Only one span belongs in the answer: the line holding "#104=ADVANCED_FACE('F59',(#103),#100,.T.);" through the last line of the entries below, retyped exactly.

╭─ RECORDS SUPPLIED

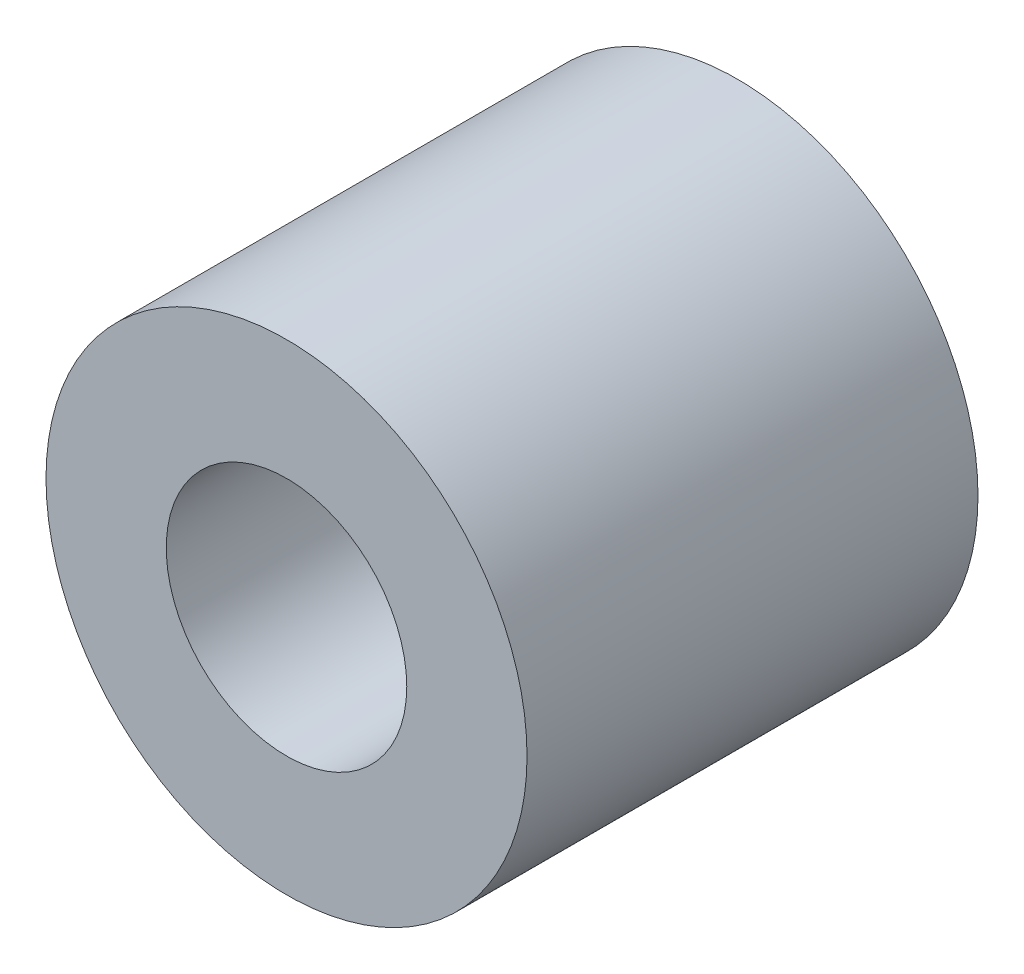
ISO-10303-21;
HEADER;
FILE_DESCRIPTION(('STEP AP214'),'2;1');
FILE_NAME('part.step','',(''),(''),'','','');
FILE_SCHEMA(('AUTOMOTIVE_DESIGN { 1 0 10303 214 1 1 1 1 }'));
ENDSEC;
DATA;
#1=APPLICATION_CONTEXT('core data for automotive mechanical design processes');
#2=APPLICATION_PROTOCOL_DEFINITION('international standard','automotive_design',2000,#1);
#3=PRODUCT_CONTEXT('',#1,'mechanical');
#4=PRODUCT('Part','Part','',(#3));
#5=PRODUCT_RELATED_PRODUCT_CATEGORY('part','',(#4));
#6=PRODUCT_DEFINITION_FORMATION('','',#4);
#7=PRODUCT_DEFINITION_CONTEXT('part definition',#1,'design');
#8=PRODUCT_DEFINITION('design','',#6,#7);
#9=PRODUCT_DEFINITION_SHAPE('','',#8);
#10=(LENGTH_UNIT() NAMED_UNIT(*) SI_UNIT(.MILLI.,.METRE.));
#11=(NAMED_UNIT(*) PLANE_ANGLE_UNIT() SI_UNIT($,.RADIAN.));
#12=(NAMED_UNIT(*) SI_UNIT($,.STERADIAN.) SOLID_ANGLE_UNIT());
#13=UNCERTAINTY_MEASURE_WITH_UNIT(LENGTH_MEASURE(1.E-05),#10,'distance_accuracy_value','');
#14=(GEOMETRIC_REPRESENTATION_CONTEXT(3) GLOBAL_UNCERTAINTY_ASSIGNED_CONTEXT((#13)) GLOBAL_UNIT_ASSIGNED_CONTEXT((#10,
#11,#12)) REPRESENTATION_CONTEXT('',''));
#15=CARTESIAN_POINT('',(0.,0.,0.));
#16=DIRECTION('',(0.,0.,1.));
#17=DIRECTION('',(1.,0.,0.));
#18=AXIS2_PLACEMENT_3D('',#15,#16,#17);
#19=CARTESIAN_POINT('',(0.,0.,15.));
#20=DIRECTION('',(0.,0.,-1.));
#21=DIRECTION('',(-1.,0.,0.));
#22=AXIS2_PLACEMENT_3D('',#19,#20,#21);
#23=CYLINDRICAL_SURFACE('',#22,8.);
#24=CARTESIAN_POINT('',(0.,0.,15.));
#25=DIRECTION('',(0.,0.,1.));
#26=DIRECTION('',(1.,0.,0.));
#27=AXIS2_PLACEMENT_3D('',#24,#25,#26);
#28=CIRCLE('',#27,8.);
#29=CARTESIAN_POINT('',(8.,0.,15.));
#30=VERTEX_POINT('',#29);
#31=EDGE_CURVE('E10',#30,#30,#28,.T.);
#32=ORIENTED_EDGE('',*,*,#31,.F.);
#33=EDGE_LOOP('',(#32));
#34=FACE_BOUND('',#33,.T.);
#35=CARTESIAN_POINT('',(0.,0.,0.));
#36=DIRECTION('',(0.,0.,1.));
#37=DIRECTION('',(1.,0.,0.));
#38=AXIS2_PLACEMENT_3D('',#35,#36,#37);
#39=CIRCLE('',#38,8.);
#40=CARTESIAN_POINT('',(8.,0.,0.));
#41=VERTEX_POINT('',#40);
#42=EDGE_CURVE('E40',#41,#41,#39,.T.);
#43=ORIENTED_EDGE('',*,*,#42,.T.);
#44=EDGE_LOOP('',(#43));
#45=FACE_BOUND('',#44,.T.);
#46=ADVANCED_FACE('F37',(#34,#45),#23,.T.);
#47=CARTESIAN_POINT('',(0.,0.,15.));
#48=DIRECTION('',(0.,0.,1.));
#49=DIRECTION('',(1.,0.,0.));
#50=AXIS2_PLACEMENT_3D('',#47,#48,#49);
#51=PLANE('',#50);
#52=CARTESIAN_POINT('',(0.,0.,15.));
#53=DIRECTION('',(0.,0.,1.));
#54=DIRECTION('',(1.,0.,0.));
#55=AXIS2_PLACEMENT_3D('',#52,#53,#54);
#56=CIRCLE('',#55,4.);
#57=CARTESIAN_POINT('',(4.,0.,15.));
#58=VERTEX_POINT('',#57);
#59=EDGE_CURVE('E51',#58,#58,#56,.T.);
#60=ORIENTED_EDGE('',*,*,#59,.F.);
#61=EDGE_LOOP('',(#60));
#62=FACE_BOUND('',#61,.T.);
#63=ORIENTED_EDGE('',*,*,#31,.T.);
#64=EDGE_LOOP('',(#63));
#65=FACE_BOUND('',#64,.T.);
#66=ADVANCED_FACE('F68',(#62,#65),#51,.T.);
#67=CARTESIAN_POINT('',(0.,0.,0.));
#68=DIRECTION('',(0.,0.,1.));
#69=DIRECTION('',(1.,0.,0.));
#70=AXIS2_PLACEMENT_3D('',#67,#68,#69);
#71=PLANE('',#70);
#72=ORIENTED_EDGE('',*,*,#42,.F.);
#73=EDGE_LOOP('',(#72));
#74=FACE_BOUND('',#73,.T.);
#75=ADVANCED_FACE('F64',(#74),#71,.F.);
#76=CARTESIAN_POINT('',(0.,0.,0.999999999999999));
#77=DIRECTION('',(0.,0.,1.));
#78=DIRECTION('',(1.,0.,0.));
#79=AXIS2_PLACEMENT_3D('',#76,#77,#78);
#80=CYLINDRICAL_SURFACE('',#79,4.);
#81=CARTESIAN_POINT('',(0.,0.,0.999999999999999));
#82=DIRECTION('',(0.,0.,1.));
#83=DIRECTION('',(1.,0.,0.));
#84=AXIS2_PLACEMENT_3D('',#81,#82,#83);
#85=CIRCLE('',#84,4.);
#86=CARTESIAN_POINT('',(4.,0.,0.999999999999999));
#87=VERTEX_POINT('',#86);
#88=EDGE_CURVE('E49',#87,#87,#85,.T.);
#89=ORIENTED_EDGE('',*,*,#88,.F.);
#90=EDGE_LOOP('',(#89));
#91=FACE_BOUND('',#90,.T.);
#92=ORIENTED_EDGE('',*,*,#59,.T.);
#93=EDGE_LOOP('',(#92));
#94=FACE_BOUND('',#93,.T.);
#95=ADVANCED_FACE('F61',(#91,#94),#80,.F.);
#96=CARTESIAN_POINT('',(0.,0.,0.999999999999999));
#97=DIRECTION('',(0.,0.,1.));
#98=DIRECTION('',(1.,0.,0.));
#99=AXIS2_PLACEMENT_3D('',#96,#97,#98);
#100=PLANE('',#99);
#101=ORIENTED_EDGE('',*,*,#88,.T.);
#102=EDGE_LOOP('',(#101));
#103=FACE_BOUND('',#102,.T.);
#104=ADVANCED_FACE('F59',(#103),#100,.T.);
#105=CLOSED_SHELL('',(#46,#66,#75,#95,#104));
#106=MANIFOLD_SOLID_BREP('B2',#105);
#107=ADVANCED_BREP_SHAPE_REPRESENTATION('',(#18,#106),#14);
#108=SHAPE_DEFINITION_REPRESENTATION(#9,#107);
ENDSEC;
END-ISO-10303-21;

╰─

RESULT FOR THIS EXERCISE:
#104=ADVANCED_FACE('F59',(#103),#100,.T.);
#105=CLOSED_SHELL('',(#46,#66,#75,#95,#104));
#106=MANIFOLD_SOLID_BREP('B2',#105);
#107=ADVANCED_BREP_SHAPE_REPRESENTATION('',(#18,#106),#14);
#108=SHAPE_DEFINITION_REPRESENTATION(#9,#107);
ENDSEC;
END-ISO-10303-21;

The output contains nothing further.